**EXERCISE GOAL:** Each record below should be reproduced as it is written, with pictures left out entirely.

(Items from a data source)
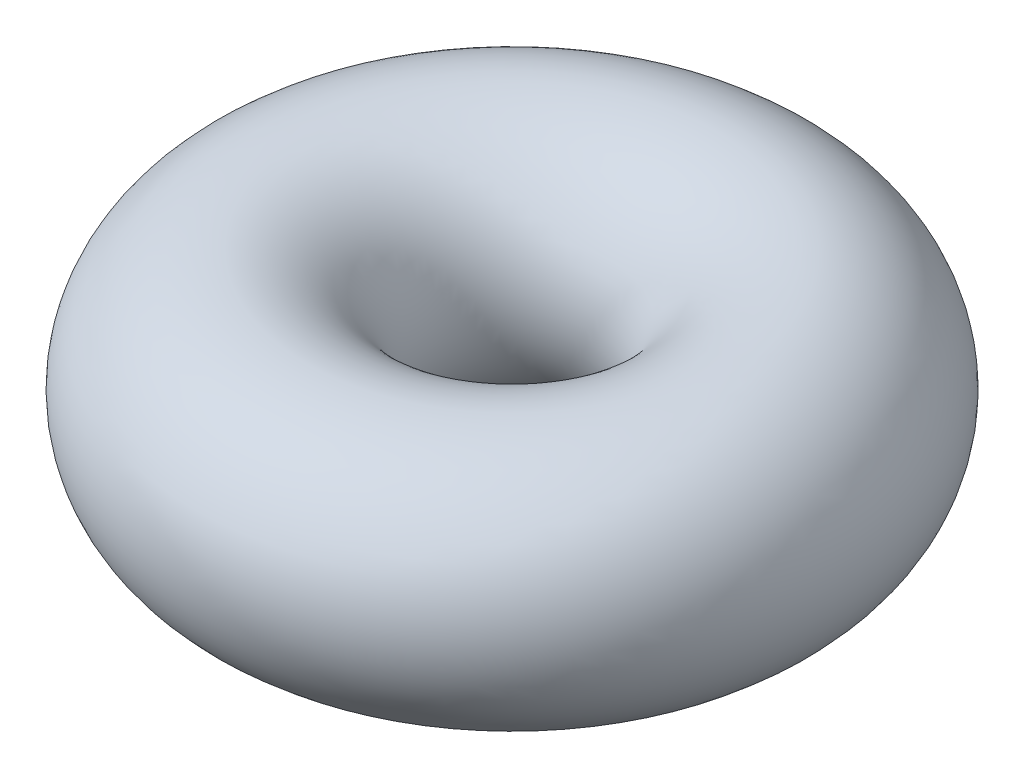
from build123d import *

# Parameters (mm, degrees)
SKETCH1_R = 2.375


with BuildPart() as part:
    # Sketch1 → Revolve1 (revolve)
    with BuildSketch(Plane.XY):
        with Locations((-4, 0)):
            Circle(SKETCH1_R)
    revolve(axis=Axis((0, 0, 0), (0, -1, 0)))


solid = part.part
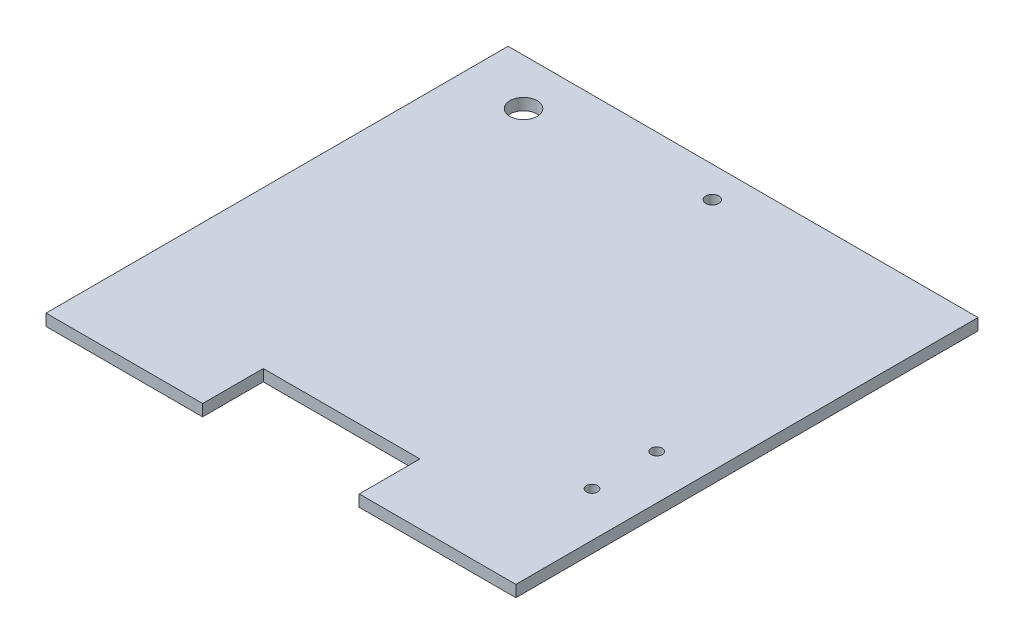
from build123d import *

# Parameters (mm, degrees)
SKETCH1_W           = 193.68
SKETCH1_H           = 190.5
BOSS_EXTRUDE1_DEPTH = 4.78
SKETCH2_R           = 2.6797
CUT_EXTRUDE1_DEPTH  = 5.78
CUT_EXTRUDE2_DEPTH  = 5.78
SKETCH5_R           = 2.286
SKETCH5_R_2         = 5.6134
CUT_EXTRUDE3_DEPTH  = 5.78


with BuildPart() as part:
    # Sketch1 → Boss-Extrude1 (new body)
    with BuildSketch(Plane(origin=(0, 0, 0), x_dir=(1, 0, 0), z_dir=(0, 1, 0))):
        Rectangle(SKETCH1_W, SKETCH1_H)
    extrude(amount=BOSS_EXTRUDE1_DEPTH)

    # Sketch2 → Cut-Extrude1 (cut, through all)
    with BuildSketch(Plane(origin=(0, 4.78, 0), x_dir=(1, 0, 0), z_dir=(0, 1, 0))):
        with Locations((0, 82.55)):
            Circle(SKETCH2_R)
    extrude(amount=-CUT_EXTRUDE1_DEPTH, mode=Mode.SUBTRACT)

    # Sketch3 → Cut-Extrude2 (cut, through all)
    with BuildSketch(Plane(origin=(0, 4.78, 0), x_dir=(1, 0, 0), z_dir=(0, 1, 0))):
        Polygon((0, -95.25), (-32.28, -95.25), (-32.28, -70.249999962), (32.28, -70.249999962), (32.28, -95.25), align=None)
    extrude(amount=-CUT_EXTRUDE2_DEPTH, mode=Mode.SUBTRACT)

    # Sketch5 → Cut-Extrude3 (cut, through all)
    with BuildSketch(Plane(origin=(0, 4.78, 0), x_dir=(1, 0, 0), z_dir=(0, 1, 0))):
        with Locations((78.425, -18.77099)):
            Circle(SKETCH5_R)
        with Locations((78.425, -45.44099)):
            Circle(SKETCH5_R)
        with Locations((-71.44, 76.2)):
            Circle(SKETCH5_R_2)
    extrude(amount=-CUT_EXTRUDE3_DEPTH, mode=Mode.SUBTRACT)


solid = part.part
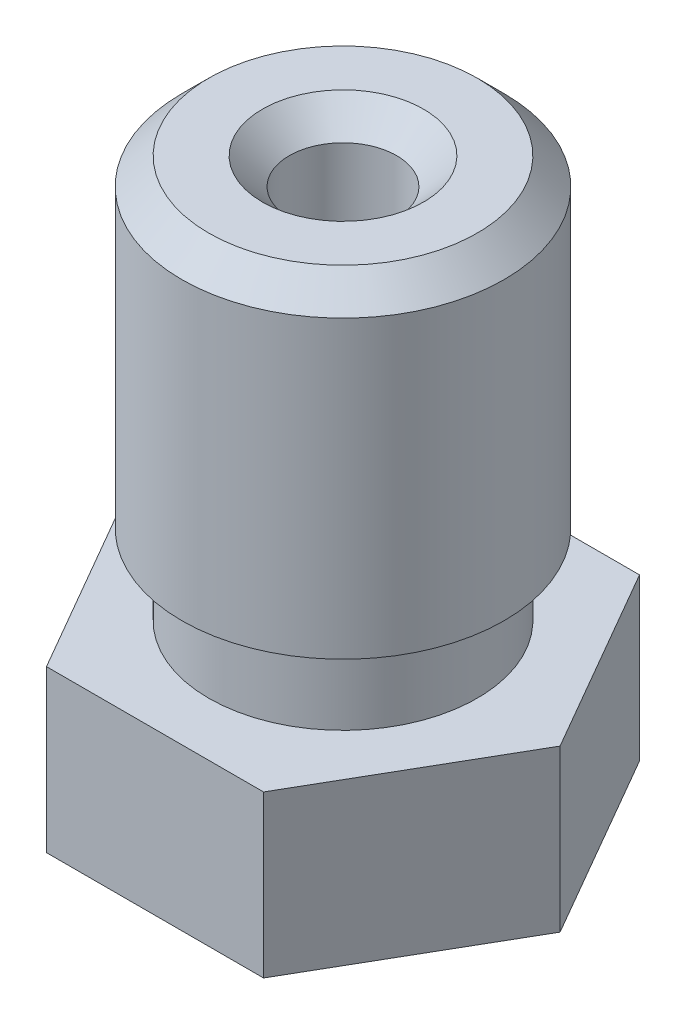
from build123d import *

# Parameters (mm, degrees)
BOSS_EXTRUDE1_DEPTH = 3
CHAMFER1_SIZE       = 0.5


with BuildPart() as part:
    # Sketch1 → Boss-Extrude1 (new body)
    with BuildSketch(Plane.XZ):
        Polygon((2.020725942, -3.5), (4.041451884, 0), (2.020725942, 3.5), (-2.020725942, 3.5), (-4.041451884, 0), (-2.020725942, -3.5), align=None)
    extrude(amount=-BOSS_EXTRUDE1_DEPTH)

    # Sketch2 → Revolve1 (revolve)
    with BuildSketch(Plane(origin=(0, 0, 0), x_dir=(-1, 0, 0), z_dir=(0, 0, -1))):
        Polygon((-2.5, 3), (0, 3), (0, 10.5), (-3, 10.5), (-3, 4.5), (-2.5, 4.5), align=None)
    revolve(axis=Axis((0, 3, 0), (0, 1, 0)))

    # Sketch3 → Revolve2 (revolve)
    with BuildSketch(Plane.XY):
        Polygon((2.5, 0), (0, 0), (0, -2), (0.5, -2), align=None)
    revolve(axis=Axis((0, 0, 0), (0, -1, 0)))

    # Sketch4 → Cut-Revolve1 (revolve, cut)
    with BuildSketch(Plane(origin=(0, 0, 0), x_dir=(-1, 0, 0), z_dir=(0, 0, -1))):
        Polygon((-0.2, -2), (0, -2), (0, 10.5), (-1, 10.5), (-1, 0), (-0.75, -0.227272727), (-0.75, -0.7), (-0.2, -1.2), align=None)
    revolve(axis=Axis((0, -2, 0), (0, 1, 0)), mode=Mode.SUBTRACT)

    # Chamfer1
    chamfer1_edges = [part.edges().sort_by_distance(p)[0] for p in [
        (-3, 10.5, 0),
        (-1, 10.5, 0),
    ]]
    chamfer(chamfer1_edges, length=CHAMFER1_SIZE)


solid = part.part
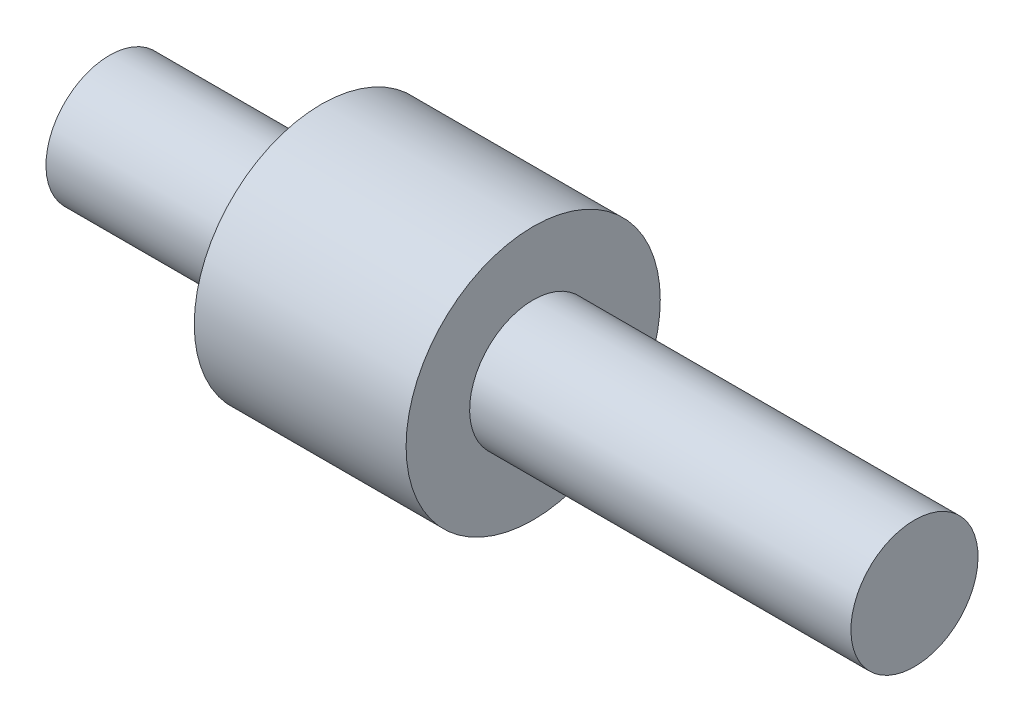
from build123d import *


with BuildPart() as part:
    # Esquisse1 → Révolution1 (revolve)
    with BuildSketch(Plane.XY):
        Polygon((0, 0), (0, 1.5), (5, 1.5), (5, 3), (10, 3), (10, 1.5), (19, 1.5), (19, 0), align=None)
    revolve(axis=Axis((19, 0, 0), (-1, 0, 0)))


solid = part.part
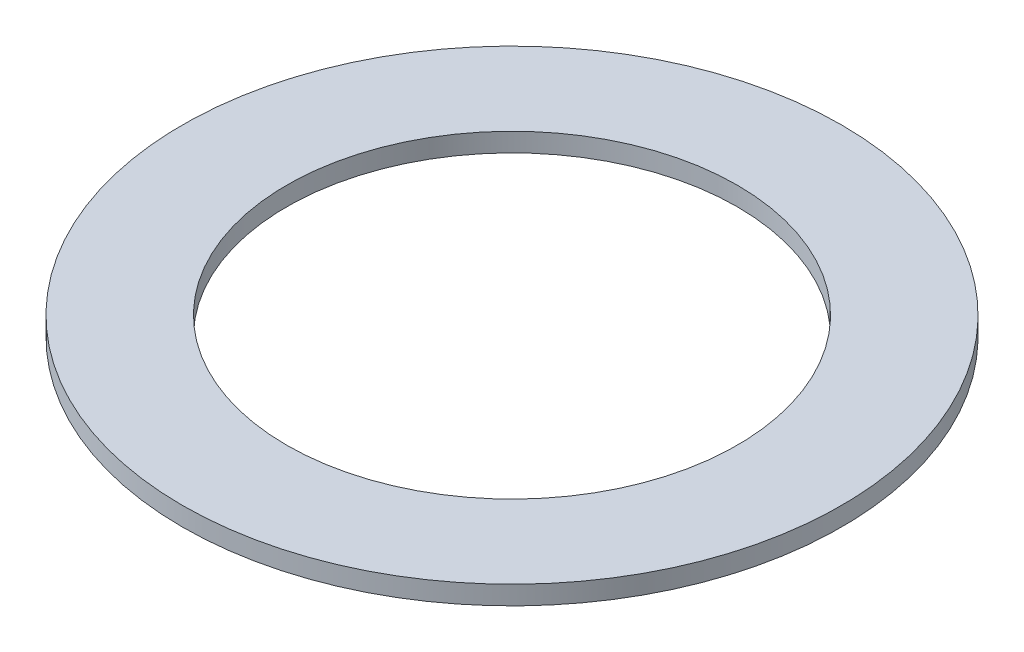
from build123d import *

# Parameters (mm, degrees)
SKETCH1_R           = 17.555096347
SKETCH1_R_2         = 12
BOSS_EXTRUDE1_DEPTH = 1


with BuildPart() as part:
    # Sketch1 → Boss-Extrude1 (new body)
    with BuildSketch(Plane(origin=(0, 0, 0), x_dir=(1, 0, 0), z_dir=(0, 1, 0))):
        Circle(SKETCH1_R)
        Circle(SKETCH1_R_2, mode=Mode.SUBTRACT)
    extrude(amount=BOSS_EXTRUDE1_DEPTH)


solid = part.part
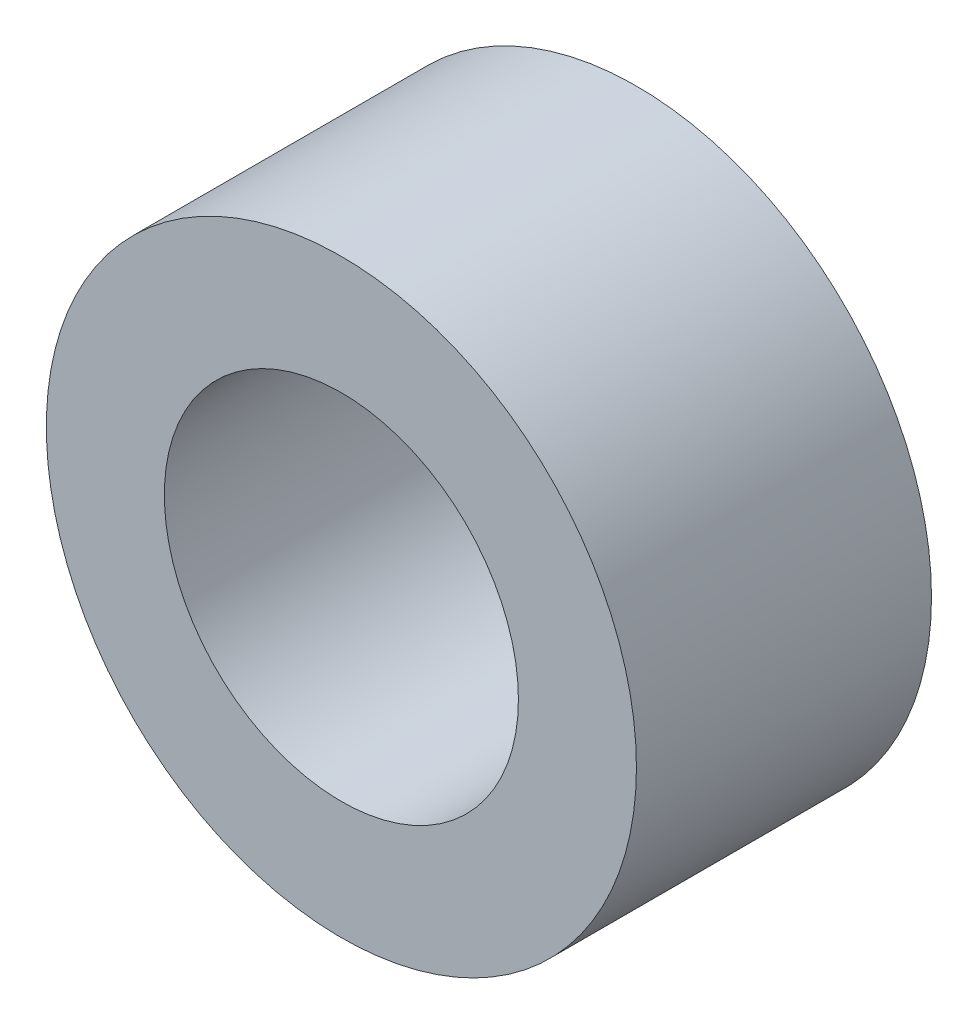
from build123d import *

# Parameters (mm, degrees)
ESQUISSE1_R        = 2
ESQUISSE1_R_2      = 1.2
BOSS_EXTRU_1_DEPTH = 2


with BuildPart() as part:
    # Esquisse1 → Boss.-Extru.1 (new body)
    with BuildSketch(Plane.XY):
        Circle(ESQUISSE1_R)
        Circle(ESQUISSE1_R_2, mode=Mode.SUBTRACT)
    extrude(amount=BOSS_EXTRU_1_DEPTH)


solid = part.part

**TASK RESULT:**
from build123d import *

# Parameters (mm, degrees)
SKETCH1_R = 2.375


with BuildPart() as part:
    # Sketch1 → Revolve1 (revolve)
    with BuildSketch(Plane.XY):
        with Locations((-4, 0)):
            Circle(SKETCH1_R)
    revolve(axis=Axis((0, 0, 0), (0, -1, 0)))


solid = part.part
from build123d import *

# Parameters (mm, degrees)
SKETCH1_W           = 193.68
SKETCH1_H           = 190.5
BOSS_EXTRUDE1_DEPTH = 4.78
SKETCH2_R           = 2.6797
CUT_EXTRUDE1_DEPTH  = 5.78
CUT_EXTRUDE2_DEPTH  = 5.78
SKETCH5_R           = 2.286
SKETCH5_R_2         = 5.6134
CUT_EXTRUDE3_DEPTH  = 5.78


with BuildPart() as part:
    # Sketch1 → Boss-Extrude1 (new body)
    with BuildSketch(Plane(origin=(0, 0, 0), x_dir=(1, 0, 0), z_dir=(0, 1, 0))):
        Rectangle(SKETCH1_W, SKETCH1_H)
    extrude(amount=BOSS_EXTRUDE1_DEPTH)

    # Sketch2 → Cut-Extrude1 (cut, through all)
    with BuildSketch(Plane(origin=(0, 4.78, 0), x_dir=(1, 0, 0), z_dir=(0, 1, 0))):
        with Locations((0, 82.55)):
            Circle(SKETCH2_R)
    extrude(amount=-CUT_EXTRUDE1_DEPTH, mode=Mode.SUBTRACT)

    # Sketch3 → Cut-Extrude2 (cut, through all)
    with BuildSketch(Plane(origin=(0, 4.78, 0), x_dir=(1, 0, 0), z_dir=(0, 1, 0))):
        Polygon((0, -95.25), (-32.28, -95.25), (-32.28, -70.249999962), (32.28, -70.249999962), (32.28, -95.25), align=None)
    extrude(amount=-CUT_EXTRUDE2_DEPTH, mode=Mode.SUBTRACT)

    # Sketch5 → Cut-Extrude3 (cut, through all)
    with BuildSketch(Plane(origin=(0, 4.78, 0), x_dir=(1, 0, 0), z_dir=(0, 1, 0))):
        with Locations((78.425, -18.77099)):
            Circle(SKETCH5_R)
        with Locations((78.425, -45.44099)):
            Circle(SKETCH5_R)
        with Locations((-71.44, 76.2)):
            Circle(SKETCH5_R_2)
    extrude(amount=-CUT_EXTRUDE3_DEPTH, mode=Mode.SUBTRACT)


solid = part.part
from build123d import *

# Parameters (mm, degrees)
BOSS_EXTRUDE1_DEPTH = 3
CHAMFER1_SIZE       = 0.5


with BuildPart() as part:
    # Sketch1 → Boss-Extrude1 (new body)
    with BuildSketch(Plane.XZ):
        Polygon((2.020725942, -3.5), (4.041451884, 0), (2.020725942, 3.5), (-2.020725942, 3.5), (-4.041451884, 0), (-2.020725942, -3.5), align=None)
    extrude(amount=-BOSS_EXTRUDE1_DEPTH)

    # Sketch2 → Revolve1 (revolve)
    with BuildSketch(Plane(origin=(0, 0, 0), x_dir=(-1, 0, 0), z_dir=(0, 0, -1))):
        Polygon((-2.5, 3), (0, 3), (0, 10.5), (-3, 10.5), (-3, 4.5), (-2.5, 4.5), align=None)
    revolve(axis=Axis((0, 3, 0), (0, 1, 0)))

    # Sketch3 → Revolve2 (revolve)
    with BuildSketch(Plane.XY):
        Polygon((2.5, 0), (0, 0), (0, -2), (0.5, -2), align=None)
    revolve(axis=Axis((0, 0, 0), (0, -1, 0)))

    # Sketch4 → Cut-Revolve1 (revolve, cut)
    with BuildSketch(Plane(origin=(0, 0, 0), x_dir=(-1, 0, 0), z_dir=(0, 0, -1))):
        Polygon((-0.2, -2), (0, -2), (0, 10.5), (-1, 10.5), (-1, 0), (-0.75, -0.227272727), (-0.75, -0.7), (-0.2, -1.2), align=None)
    revolve(axis=Axis((0, -2, 0), (0, 1, 0)), mode=Mode.SUBTRACT)

    # Chamfer1
    chamfer1_edges = [part.edges().sort_by_distance(p)[0] for p in [
        (-3, 10.5, 0),
        (-1, 10.5, 0),
    ]]
    chamfer(chamfer1_edges, length=CHAMFER1_SIZE)


solid = part.part
from build123d import *


with BuildPart() as part:
    # Esquisse1 → Révolution1 (revolve)
    with BuildSketch(Plane.XY):
        Polygon((0, 0), (0, 1.5), (5, 1.5), (5, 3), (10, 3), (10, 1.5), (19, 1.5), (19, 0), align=None)
    revolve(axis=Axis((19, 0, 0), (-1, 0, 0)))


solid = part.part
from build123d import *

# Parameters (mm, degrees)
SKETCH1_R           = 17.555096347
SKETCH1_R_2         = 12
BOSS_EXTRUDE1_DEPTH = 1


with BuildPart() as part:
    # Sketch1 → Boss-Extrude1 (new body)
    with BuildSketch(Plane(origin=(0, 0, 0), x_dir=(1, 0, 0), z_dir=(0, 1, 0))):
        Circle(SKETCH1_R)
        Circle(SKETCH1_R_2, mode=Mode.SUBTRACT)
    extrude(amount=BOSS_EXTRUDE1_DEPTH)


solid = part.part
from build123d import *

# Parameters (mm, degrees)
ESQUISSE1_R        = 2
ESQUISSE1_R_2      = 1.2
BOSS_EXTRU_1_DEPTH = 2


with BuildPart() as part:
    # Esquisse1 → Boss.-Extru.1 (new body)
    with BuildSketch(Plane.XY):
        Circle(ESQUISSE1_R)
        Circle(ESQUISSE1_R_2, mode=Mode.SUBTRACT)
    extrude(amount=BOSS_EXTRU_1_DEPTH)


solid = part.part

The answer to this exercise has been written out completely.